■ **About this task**: Transcribe exactly the line in which "- Fluchtend:14 [Flush]: Platte6mm:5" occurs, plus every line that comes after it up to the end of the entries.

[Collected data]
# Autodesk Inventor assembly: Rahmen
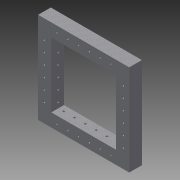
[picture p0: Inventor's stored thumbnail of the model, 180x180]
Saved by Autodesk Inventor 2015 (Build 190159000, 159)
## iProperties
Created: 2016-04-07
Part Number: Rahmen
Document SubType Name: Assembly
Designer: Carl
Author: Carl
## Documents named in this file (2)
- D:\Eigene Dateien\Dokumente\Uni\Master\Sketching with Hardware\swh2016\Rahmen.iam
- D:\Eigene Dateien\Dokumente\Uni\Master\Sketching with Hardware\swh2016\Platte6mm.ipt
## Components (8 placed, 1 different names)
1. Platte6mm:1 — Passend:1, Fluchtend:3, Fluchtend:11, Passend:4
2. Platte6mm:2 — Passend:1, Fluchtend:4, Fluchtend:10, Passend:5
3. Platte6mm:3 — Fluchtend:5, Fluchtend:9, Passend:5, Passend:6
4. Platte6mm:4 — Fluchtend:6, Fluchtend:8, Passend:6, Passend:7
5. Platte6mm:5 — Fluchtend:7, Fluchtend:8, Fluchtend:9, Fluchtend:10, Fluchtend:11, Fluchtend:12, Fluchtend:13, Fluchtend:14, Passend:7
6. Platte6mm:6 — Fluchtend:2, Fluchtend:12, Passend:3, Passend:4
7. Platte6mm:7 — Fluchtend:1, Fluchtend:2, Fluchtend:3, Fluchtend:4, Fluchtend:5, Fluchtend:6, Fluchtend:7, Fluchtend:14, Passend:2
8. Platte6mm:8 — Fluchtend:1, Fluchtend:13, Passend:2, Passend:3
## Relationships (21: Flush 14, Mate 7)
- Passend:1 [Mate]: Platte6mm:1 ↔ Platte6mm:2
- Fluchtend:1 [Flush]: Platte6mm:7 ↔ Platte6mm:8
- Fluchtend:2 [Flush]: Platte6mm:6 ↔ Platte6mm:7
- Fluchtend:3 [Flush]: Platte6mm:1 ↔ Platte6mm:7
- Fluchtend:4 [Flush]: Platte6mm:2 ↔ Platte6mm:7
- Fluchtend:5 [Flush]: Platte6mm:3 ↔ Platte6mm:7
- Fluchtend:6 [Flush]: Platte6mm:4 ↔ Platte6mm:7
- Fluchtend:7 [Flush]: Platte6mm:5 ↔ Platte6mm:7
- Fluchtend:8 [Flush]: Platte6mm:4 ↔ Platte6mm:5
- Fluchtend:9 [Flush]: Platte6mm:3 ↔ Platte6mm:5
- Fluchtend:10 [Flush]: Platte6mm:2 ↔ Platte6mm:5
- Fluchtend:11 [Flush]: Platte6mm:1 ↔ Platte6mm:5
- Fluchtend:12 [Flush]: Platte6mm:5 ↔ Platte6mm:6
- Fluchtend:13 [Flush]: Platte6mm:5 ↔ Platte6mm:8
- Fluchtend:14 [Flush]: Platte6mm:5 ↔ Platte6mm:7
- Passend:2 [Mate]: Platte6mm:7 ↔ Platte6mm:8
- Passend:3 [Mate]: Platte6mm:6 ↔ Platte6mm:8
- Passend:4 [Mate]: Platte6mm:1 ↔ Platte6mm:6
- Passend:5 [Mate]: Platte6mm:2 ↔ Platte6mm:3
- Passend:6 [Mate]: Platte6mm:3 ↔ Platte6mm:4
- Passend:7 [Mate]: Platte6mm:4 ↔ Platte6mm:5

■ **Solution**:
- Fluchtend:14 [Flush]: Platte6mm:5 ↔ Platte6mm:7
- Passend:2 [Mate]: Platte6mm:7 ↔ Platte6mm:8
- Passend:3 [Mate]: Platte6mm:6 ↔ Platte6mm:8
- Passend:4 [Mate]: Platte6mm:1 ↔ Platte6mm:6
- Passend:5 [Mate]: Platte6mm:2 ↔ Platte6mm:3
- Passend:6 [Mate]: Platte6mm:3 ↔ Platte6mm:4
- Passend:7 [Mate]: Platte6mm:4 ↔ Platte6mm:5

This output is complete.